PGA309: Actual Gain DAC and Zero DAC calculation from lookup table

Hoda,

1. The PGA309 assumes the numbers stored in the EEPROM table are 16 bit signed binary numbers.  The number 0x851F would be interpreted by the PGA309 as -31457.
2. During the calibration process, you will need to determine the gain and offset required to correct your errors over temperature.  The calibration algorithm given in the PDF below illustrates how you would calculate the gain and offset based on measurements with minimum and maximum applied pressure.  Normally this procedure is done at 2 or 3 temperatures and the polynomial interpolation is used to determine the gain and offset at other temperatures.  
3. Once you have the table with all the temperature, gain, and offset values you will calculate the slope values for the zero dac and gain dac.  The PGA309 users guide provides the equations to calculate the slopes. I attached an excel spreadsheet that calculates the same example from the users guide.  
4. Once you have the table of gain and offset slopes, these are written into the PGA309 EEPROM.  Since the EEPROM holds 8 bit words at each address you will need to split the 16 bit words in half (MSB and LSB).  The write EEPROM PGA309 command will allow writing the MSB and LSB into two different locations in the EEPROM.  Note, the 16 bit word written into the EEPROM is a signed binary word.  Thus writing 0x851F will be written into two locations as 0x85 and 0x1F, but the PGA309 will read back 0x851F and interoperate it as -31457.
5. Once the EEPROM table has been fully written the PGA309 will read the table on power-up.  The PGA309 will interpret all numbers in the table as signed binary numbers.  The PGA309 will use this table to adjust gain and offset over temperature to correct for sensor drift.

I hope that helps.  You may consider getting the EVM to see how the algorithm works for an actual calibration with your sensor.  You can also download the labview source code and use this to understand the calibration algorithm.  Below is the calibration algorithm and the EEPROM table example.

Best regards, Art

sbou024b-pga309-calibration-algorithm.pdf

PGA309 TABLE.xlsx

Hoda,

1. A common way digital systems use signed numbers is the "two's compliment method".  That is how the PGA309 handles signed numbers.
   1. The length of the word is a fixed length.  In this case the length of the word is 16 bits.
   2. The most significant bit in the word is the sign bit.  If the sign bit = 1, the word is negative, if the sign bit = 0.  Then the word is positive.
   3. For a 16 bit signed word the range of values is:  -32768 to 32767.  This is represented in hex by 0x8000 to 0x7FFF.
2. The way the numbers are used internally in twos complement systems is covered in this lecture:  Lecture on signed numbers.  This is not necessary critical to understand, to use the PGA309, but you want to know how the PGA309 interoperates signed numbers and in a very basic sense, this is what is happening internally. 
3. Another explanation of two's compliment is given in wikipedia:  Wikipedia on signed numbers. 
4. In short the number 0xC292 will be interoperated as -15726 by the PGA309 because the PGA309 knows the number is a twos compliment 16 bit number.  Note that 0xC292 is equal to 11000010 10010010, and the Most significant bit is "1".  Thus the number is negative.
5. This tool can help you translate decimal to hex and binary for twos compliment 16 bit numbers:  tool for conversions 
6. The vast majority of digital systems handle signed numbers this way.  For another example of a device that uses signed numbers see:  ADS1220 is another device using signed numbers.  This device uses 24 bit signed numbs.  Thus for this device the number 0xFFFFFF is equal to -1 in decimal.  You can look at this to see other examples of signed numbers.  The key point is that the used of 2's compliment signed numbers is common in digital systems.

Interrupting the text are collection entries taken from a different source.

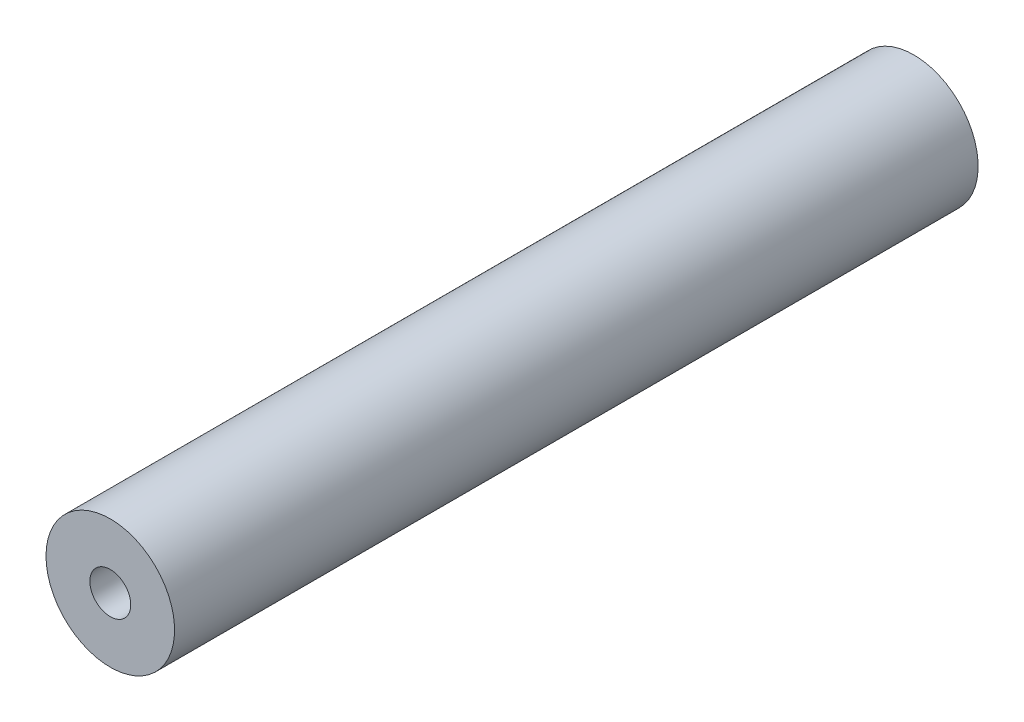
SolidWorks part; units mm, degrees
material "6061-T6 (SS)"
ref_plane "Front Plane" through (0, 0, 0) normal (0, 0, 1) x (1, 0, 0)
ref_plane "Top Plane" through (0, 0, 0) normal (0, 1, 0) x (1, 0, 0)
ref_plane "Right Plane" through (0, 0, 0) normal (1, 0, 0) x (0, 0, -1)
sketch "Sketch1" plane through (0, 0, 0) normal (0, 0, 1) x (1, 0, 0)
  circle A1 centre (0, 0) radius 6.35
  dimension "D2" = 12.7
extrude "Boss-Extrude1" add sketch "Sketch1" along normal mid plane 79.375 contours A1 region at (0, 0, 0)
hole_wizard "#10-32 Tapped Hole1" positions "3DSketch1" profile "Sketch2" tap size "#10-32" standard "ANSI Inch"
sketch3d "3DSketch1"
  line L0 (0, 0, 39.6875) -> (0, 0, -39.6875) construction
  point P0 (0, 0, -39.6875)
  point P4 (0, 0, 39.6875)
sketch "Sketch2" plane through (0, 0, -39.6875) normal (1, 0, 0) x (0, 1, 0)
  line L0 (0, 0) -> (0, 13.2428)
  line L1 (0, 13.2428) -> (2.0193, 12.0294)
  line L2 (2.0193, 12.0294) -> (2.0193, 0)
  line L5 (2.0193, 0) -> (0, 0)
  line L10 (0, 13.2428) -> (-2.0193, 12.0294) construction
  line L11 (0, -6.35) -> (0, 107.95) construction
  dimension "Tap Drill Dia." = 4.0386
  dimension "Tap Drill Depth" = 12.0294
  dimension "Drill Angle" = 118
cosmetic thread "Hole Thread1"
cosmetic thread "Hole Thread2"
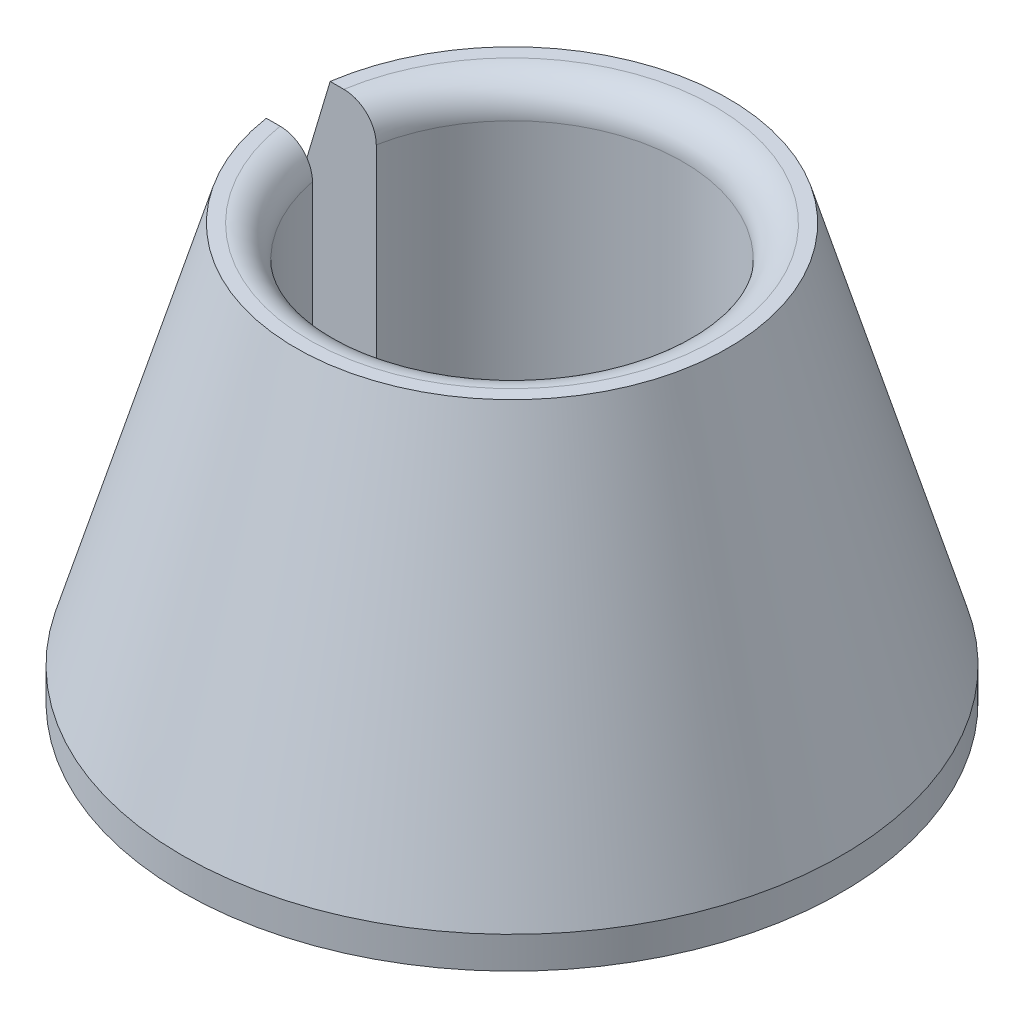
SolidWorks part; units mm, degrees
ref_plane "Front Plane" through (0, 0, 0) normal (0, 0, 1) x (1, 0, 0)
ref_plane "Top Plane" through (0, 0, 0) normal (0, 1, 0) x (1, 0, 0)
ref_plane "Right Plane" through (0, 0, 0) normal (1, 0, 0) x (0, 0, -1)
sketch "Sketch1" plane through (0, 0, 0) normal (0, 1, 0) x (1, 0, 0)
  circle A0 centre (0, 0) radius 5.165
  circle A1 centre (0, 0) radius 2.675
  dimension "D1" = 10.33
  dimension "D2" = 5.35
extrude "Boss-Extrude1" add sketch "Sketch1" along normal blind 6
chamfer "Chamfer1" distance 6 angle 16.5 1 edges at (0, 6, 5.165) first distance on face at (0, 6, 5.165)
sketch "Sketch2" plane through (0, 6, 0) normal (0, 1, 0) x (1, 0, 0)
  line L0 (0, 0) -> (-6.0172, 0) construction
  line L1 (0, 0.5) -> (-6.0172, 0.5)
  line L2 (0, -0.5) -> (-6.0172, -0.5)
  line L3 (-6.0172, 0.5) -> (-6.0172, -0.5)
  line L4 (0, 0.5) -> (0, -0.5)
  dimension "D1" = 0.5
  dimension "D2" = 0.5
extrude "Cut-Extrude1" cut sketch "Sketch2" against normal through all
sketch "Sketch3" plane through (0, 0, 0) normal (0, -1, 0) x (1, 0, 0)
  line L0 (-2.6279, -0.5) -> (-5.1407, -0.5)
  line L1 (-2.6279, -0.5) -> (-5.1407, -0.5) construction
  line L2 (-2.6279, 0.5) -> (-5.1407, 0.5)
  line L3 (-5.1407, 0.5) -> (-2.6279, 0.5) construction
  arc A0 (-5.1407, -0.5) -> (-5.1407, 0.5) centre (0, 0) ccw
  arc A1 (-2.6279, -0.5) -> (-2.6279, 0.5) centre (0, 0) ccw
extrude "Boss-Extrude2" add sketch "Sketch3" along normal blind 0.5
fillet "Fillet1" radius 0.5 2 edges at (2.675, -0.5, 0) (2.675, 6, 0)
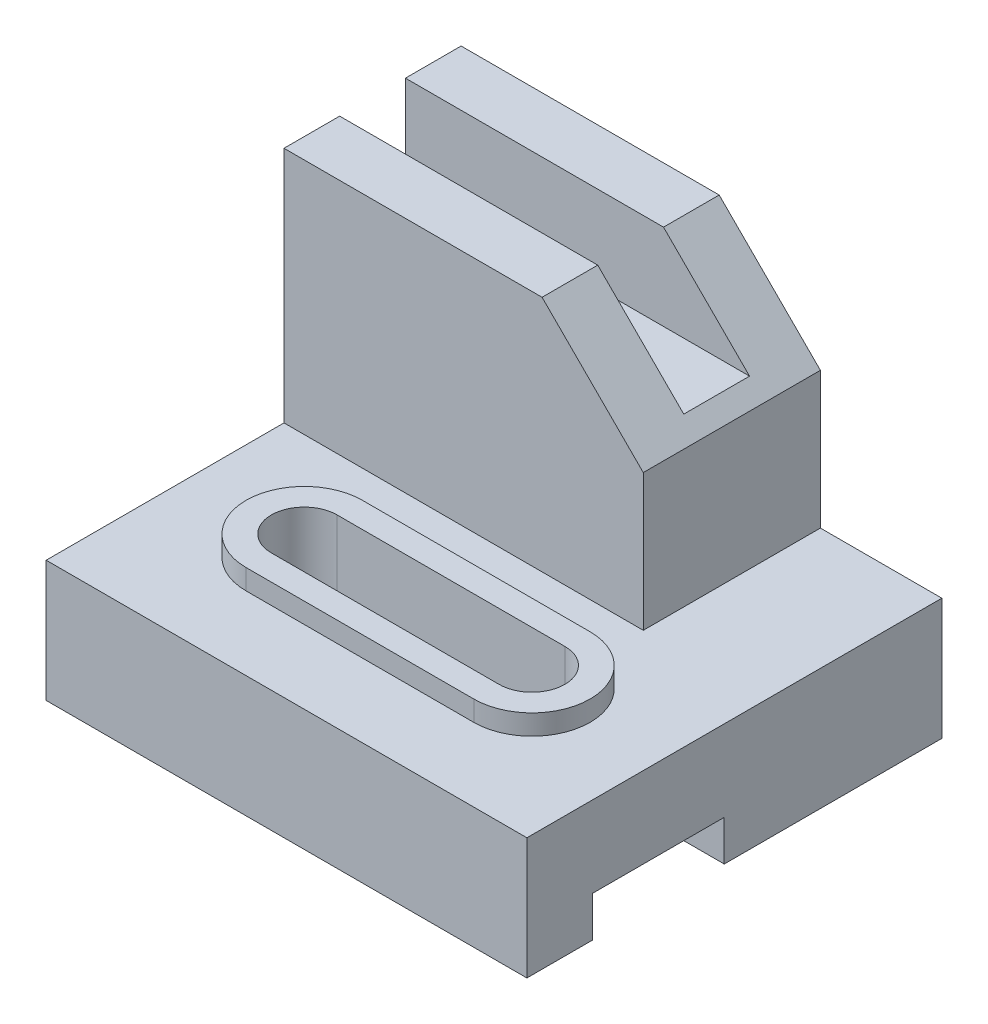
SolidWorks part; units mm, degrees
ref_plane "Front Plane" through (0, 0, 0) normal (0, 0, 1) x (1, 0, 0)
ref_plane "Top Plane" through (0, 0, 0) normal (0, 1, 0) x (1, 0, 0)
ref_plane "Right Plane" through (0, 0, 0) normal (1, 0, 0) x (0, 0, -1)
sketch "Sketch1" plane through (0, 0, 0) normal (0, 1, 0) x (1, 0, 0)
  line L0 (25, 26) -> (70, 26) construction
  line L1 (0, 0) -> (95, 0)
  line L2 (0, 0) -> (0, 82)
  line L3 (0, 82) -> (95, 82)
  line L4 (95, 0) -> (95, 82)
  line L5 (25, 37.5) -> (70, 37.5)
  line L6 (25, 14.5) -> (70, 14.5)
  line L7 (71, 82) -> (71, 47)
  line L8 (71, 47) -> (0, 47)
  line L9 (0, 71) -> (71, 71)
  line L10 (71, 58) -> (0, 58)
  line L11 (67.3875, 64.5) -> (76.8375, 64.5) construction
  line L12 (25, 32.5) -> (70, 32.5)
  line L13 (25, 19.5) -> (70, 19.5)
  arc A0 (25, 37.5) -> (25, 14.5) centre (25, 26) ccw
  arc A1 (70, 14.5) -> (70, 37.5) centre (70, 26) ccw
  arc A2 (70, 19.5) -> (70, 32.5) centre (70, 26) ccw
  arc A3 (25, 32.5) -> (25, 19.5) centre (25, 26) ccw
  point P7 (47.5, 26)
  point P21 (71, 64.5)
  dimension "D1" = 45
  dimension "D2" = 25
  dimension "D3" = 23
  dimension "D4" = 82
  dimension "D5" = 21
  dimension "D6" = 71
  dimension "D7" = 35
  dimension "D8" = 95
  dimension "D9" = 13
  dimension "D10" = 5
extrude "Boss-Extrude1" add sketch "Sketch1" along normal blind 24 contours L7 L8 L2 L1 L4 L3 A1 L6 A0 L5 region at (1.255, 0, -23.5)
extrude "Boss-Extrude2" add sketch "Sketch1<3>" along normal blind 28 contours L6 A1 L5 A0 A3 L12 A2 L13 region at (47.5, 0, -36.7822)
sketch "Sketch1<3>" plane through (0, 0, 0) normal (0, 1, 0) x (1, 0, 0) same geometry as "Sketch1"
extrude "Boss-Extrude3" add sketch "Sketch1<4>" along normal blind 71 contours L2 L9 L7 L3 | L7 L10 L2 L8 region at (35.5, 0, -52.5) region at (35.5, 0, -76.5)
sketch "Sketch1<4>" plane through (0, 0, 0) normal (0, 1, 0) x (1, 0, 0) same geometry as "Sketch1"
extrude "Boss-Extrude4" add sketch "Sketch1<5>" along normal blind 54 contours L10 L7 L9 L2 region at (35.5, 0, -64.5)
sketch "Sketch1<5>" plane through (0, 0, 0) normal (0, 1, 0) x (1, 0, 0) same geometry as "Sketch1"
sketch "Sketch2" plane through (95, 0, 0) normal (1, 0, 0) x (0, 0, -1)
  line L1 (13, 0) -> (39, 0)
  line L2 (13, 0) -> (13, 8)
  line L3 (13, 8) -> (39, 8)
  line L4 (39, 0) -> (39, 8)
  line L5 (0, 0) -> (82, 0) construction
  line L6 (26, 29.4325) -> (26, 22.1047) construction
  line L7 (14.5, 28) -> (14.5, 24) construction
  point P10 (0, 0)
  point P13 (0, 0)
  dimension "D1" = 26
  dimension "D2" = 8
  dimension "D3" = 11.5
extrude "Cut-Extrude1" cut sketch "Sketch2" against normal blind 96
chamfer "Chamfer1" distance 20 angle 45 1 edges at (71, 71, -76.5)
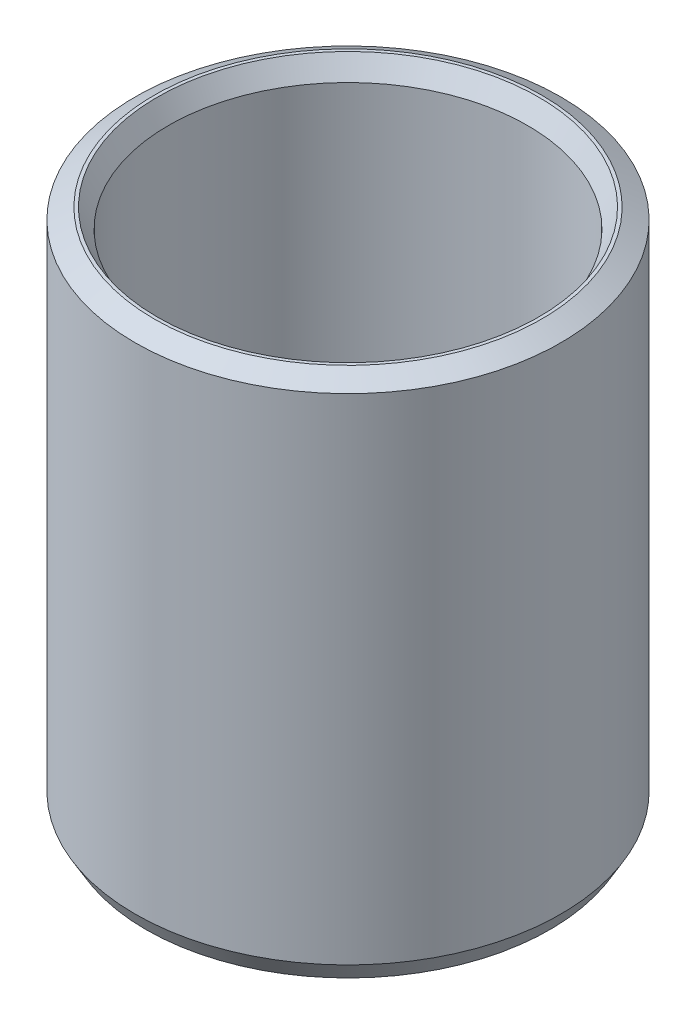
SolidWorks part; units mm, degrees
ref_plane "Front Plane" through (0, 0, 0) normal (0, 0, 1) x (1, 0, 0)
ref_plane "Top Plane" through (0, 0, 0) normal (0, 1, 0) x (1, 0, 0)
ref_plane "Right Plane" through (0, 0, 0) normal (1, 0, 0) x (0, 0, -1)
sketch "Sketch1" plane through (0, 0, 0) normal (0, 1, 0) x (1, 0, 0)
  circle A0 centre (0, 0) radius 37.5
  dimension "SLEEVE_OD" = 75
extrude "Boss-Extrude1" add sketch "Sketch1" along normal blind 92.4407
sketch "Sketch2" plane through (0, 0, 0) normal (0, 1, 0) x (1, 0, 0)
  circle A0 centre (0, 0) radius 31.6303
  dimension "BORE_D" = 63.2606
extrude "Cut-Extrude1" cut sketch "Sketch2" along normal through all
chamfer "Chamfer1" distance 1.9405 angle 60 4 edges at (0, 92.4407, 31.6303) (0, 0, 31.6303) (0, 0, 37.5) (0, 92.4407, 37.5) first distance on face at (0, 92.4407, 31.6303) first distance on face at (0, 0, 31.6303) first distance on face at (0, 92.4407, 37.5)
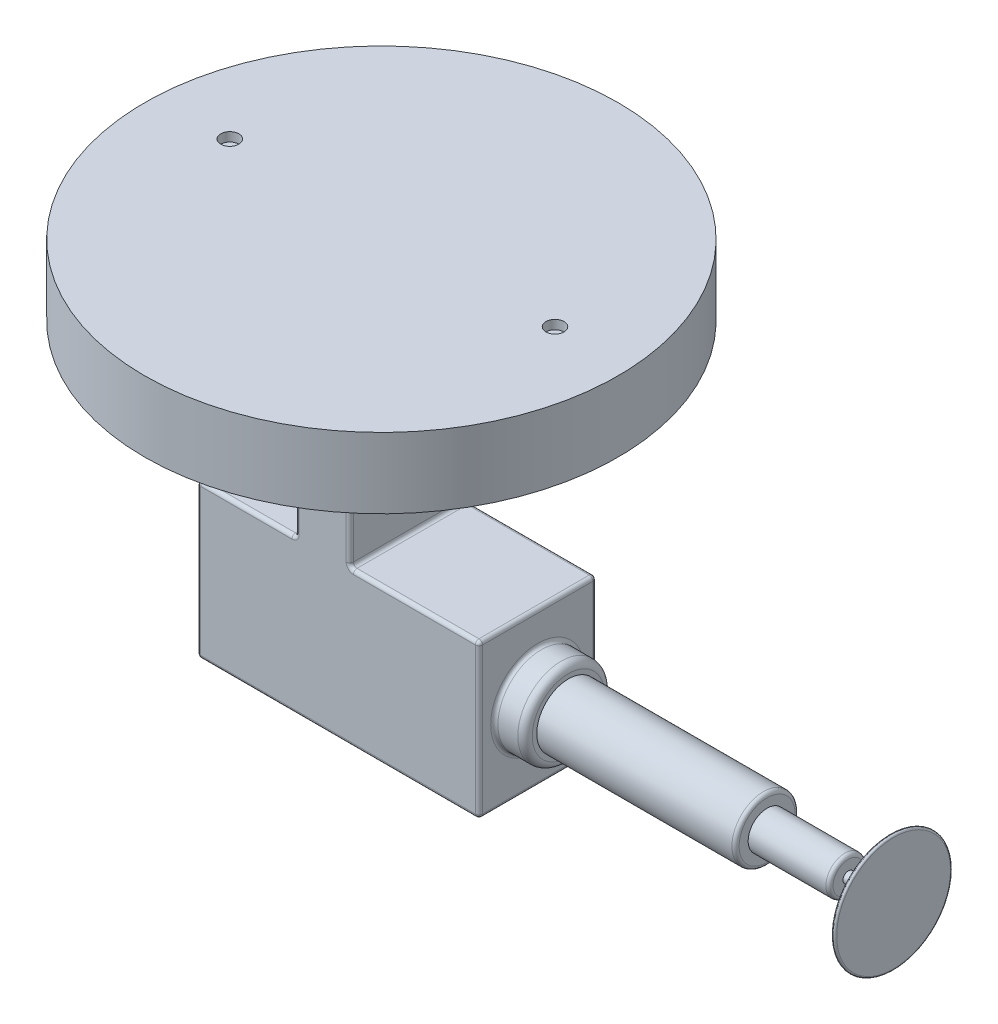
SolidWorks part; units mm, degrees
ref_plane "Front Plane" through (0, 0, 0) normal (0, 0, 1) x (1, 0, 0)
ref_plane "Top Plane" through (0, 0, 0) normal (0, 1, 0) x (1, 0, 0)
ref_plane "Right Plane" through (0, 0, 0) normal (1, 0, 0) x (0, 0, -1)
sketch "Sketch1" plane through (0, 0, 0) normal (0, 1, 0) x (1, 0, 0)
  line L1 (0, 0) -> (156, 0)
  line L2 (0, 0) -> (0, 65)
  line L3 (0, 65) -> (156, 65)
  line L4 (156, 0) -> (156, 65)
  dimension "D1" = 156
  dimension "D2" = 65
extrude "Boss-Extrude1" add sketch "Sketch1" along normal blind 85
sketch "Sketch2" plane through (156, 0, 0) normal (1, 0, 0) x (0, 0, -1)
  line L0 (0, 85) -> (0, 0) construction
  line L1 (0, 0) -> (65, 0) construction
  circle A0 centre (32.5, 42.5) radius 24
  point P2 (0, 42.5)
  dimension "D1" = 48
  dimension "D3" = 42.5
  dimension "D2" = 32.5
sketch "Sketch5" plane through (0, 85, 0) normal (0, 1, 0) x (1, 0, 0)
  line L0 (156, 65) -> (0, 65) construction
  line L1 (54.5, 65) -> (84.5, 65)
  line L2 (54.5, 65) -> (54.5, 0)
  line L3 (54.5, 0) -> (84.5, 0)
  line L4 (84.5, 65) -> (84.5, 0)
  line L5 (0, 0) -> (156, 0) construction
  line L6 (0, 65) -> (0, 0) construction
  dimension "D1" = 30
  dimension "D2" = 54.5
extrude "Boss-Extrude4" add sketch "Sketch5" along normal blind 95
sketch "Sketch6" plane through (0, 180, 0) normal (0, 1, 0) x (1, 0, 0)
  circle A0 centre (69.5, 32.5) radius 131
  dimension "D1" = 262
extrude "Boss-Extrude5" add sketch "Sketch6" along normal blind 39
sketch "Sketch7" plane through (0, 219, 0) normal (0, 1, 0) x (-1, 0, 0)
  circle A0 centre (20.5, -38.588) radius 5
  circle A1 centre (-69.5, -32.5) radius 131 construction
  circle A2 centre (-159.5, -38.588) radius 5
  dimension "D1" = 10
  dimension "D2" = 90
  dimension "D3" = 90
extrude "Cut-Extrude3" cut sketch "Sketch7" against normal blind 5
fillet "Fillet10" radius 2 1 edges at (0, 42.5, 0)
fillet "Fillet11" radius 2 12 edges at (79, 0, 0) (0, 0, -33.5) (0, 85, -33.5) (0, 42.5, -65) (0.5858, 0, -0.5858) (0.5858, 85, -0.5858)
fillet "Fillet12" radius 2 11 edges at (79, 0, -65) (156, 0, -33.5) (0.5858, 0.5858, -64.4142) (156, 43.5, 0) (156, 0.5858, -0.5858) (85.0858, 85.5858, -65) (85.0858, 85.5858, 0)
fillet "Fillet16" radius 2 5 edges at (155.4142, 84.4142, -0.5858) (155.4142, 0.5858, -64.4142) (156, 42.5, -65) (156, 84.4142, -64.4142) (156, 85, -32.5)
extrude "Boss-Extrude6" add sketch "Sketch2" along normal blind 17
sketch "Sketch8" plane through (173, 0, 0) normal (1, 0, 0) x (0, 0, -1)
  circle A0 centre (32.5, 42.5) radius 17.5
  dimension "D1" = 35
extrude "Boss-Extrude7" add sketch "Sketch8" along normal blind 110
sketch "Sketch9" plane through (283, 0, 0) normal (1, 0, 0) x (0, 0, -1)
  circle A0 centre (32.5, 42.5) radius 10.5
  dimension "D1" = 21
extrude "Boss-Extrude8" add sketch "Sketch9" along normal blind 45
sketch "Sketch10" plane through (328, 0, 0) normal (1, 0, 0) x (0, 0, -1)
  circle A0 centre (32.5, 42.5) radius 3
  dimension "D1" = 6
extrude "Boss-Extrude9" add sketch "Sketch10" along normal blind 23
sketch "Sketch11" plane through (351, 0, 0) normal (1, 0, 0) x (0, 0, -1)
  circle A0 centre (32.5, 42.5) radius 32.5
  dimension "D1" = 65
extrude "Boss-Extrude10" add sketch "Sketch11" along normal blind 2
fillet "Fillet17" radius 2 3 edges at (328, 42.5, -43) (283, 42.5, -50) (156, 42.5, -8.5)
fillet "Fillet18" radius 4 1 edges at (173, 42.5, -56.5)
fillet "Fillet19" radius 1 2 edges at (353, 42.5, -65) (351, 42.5, -65)

I hope this helps.  I think your main questions relates to trying to understand how 2's compliment signed numbers work.  You may want to read through some of the literature in the links above.

Best regards,

Art

Hoda,

1. Regarding the number 41943, and the number -47104:  You found an error in the document.  Both of these numbers are outside of the allowable range of -32768 to +32767.  If the device slope exceed the allowable range, the PGA309 would not be able to compensate for that drift level.
2. Regarding the first row in the table.  This row is not a slope.  This value is a gain value.  All other values in the table are slopes.  So, G0 is the initial gain value at -40C, but all the other values are slopes.  The actual gain DAC value is not a signed integer.  The Gain DAC value is always positive.  A gain of  0x0000 = gain of 0.333333,  GAIN of 0xFFFF - gain of 1.000000.
3. The PGA309EVM software is written in labview.  In labview, and in other software languages, you can define a variable type to be a signed 16 bit integer.  When you define a variable as a 16 bit signed integer in software it will automatically limit the value from -32768 to +32767.  If you develop your own software to build the table it should use 16 bit signed integers.  If you are familiar with LabView, you could download the source code for the EVM and use the section that builds the table:  https://www.ti.com/lit/zip/sboc394 
4. Here is a link to a modified spreadsheet.  The excel file has two tabs.  One that matches the existing PGA309 users guide table 3-3, and a modified one that uses gain changes that do not violate the maximum allowable slope.  I added an error test column so that you can see the issues with the existing table and also see that the new table is ok.  PGA309 TABLE-good-vs-bad.xlsx
5. My apologies, for this error.  I can definitely see how this is very confusing, and I will look into getting the document changed.

Best regards,

Art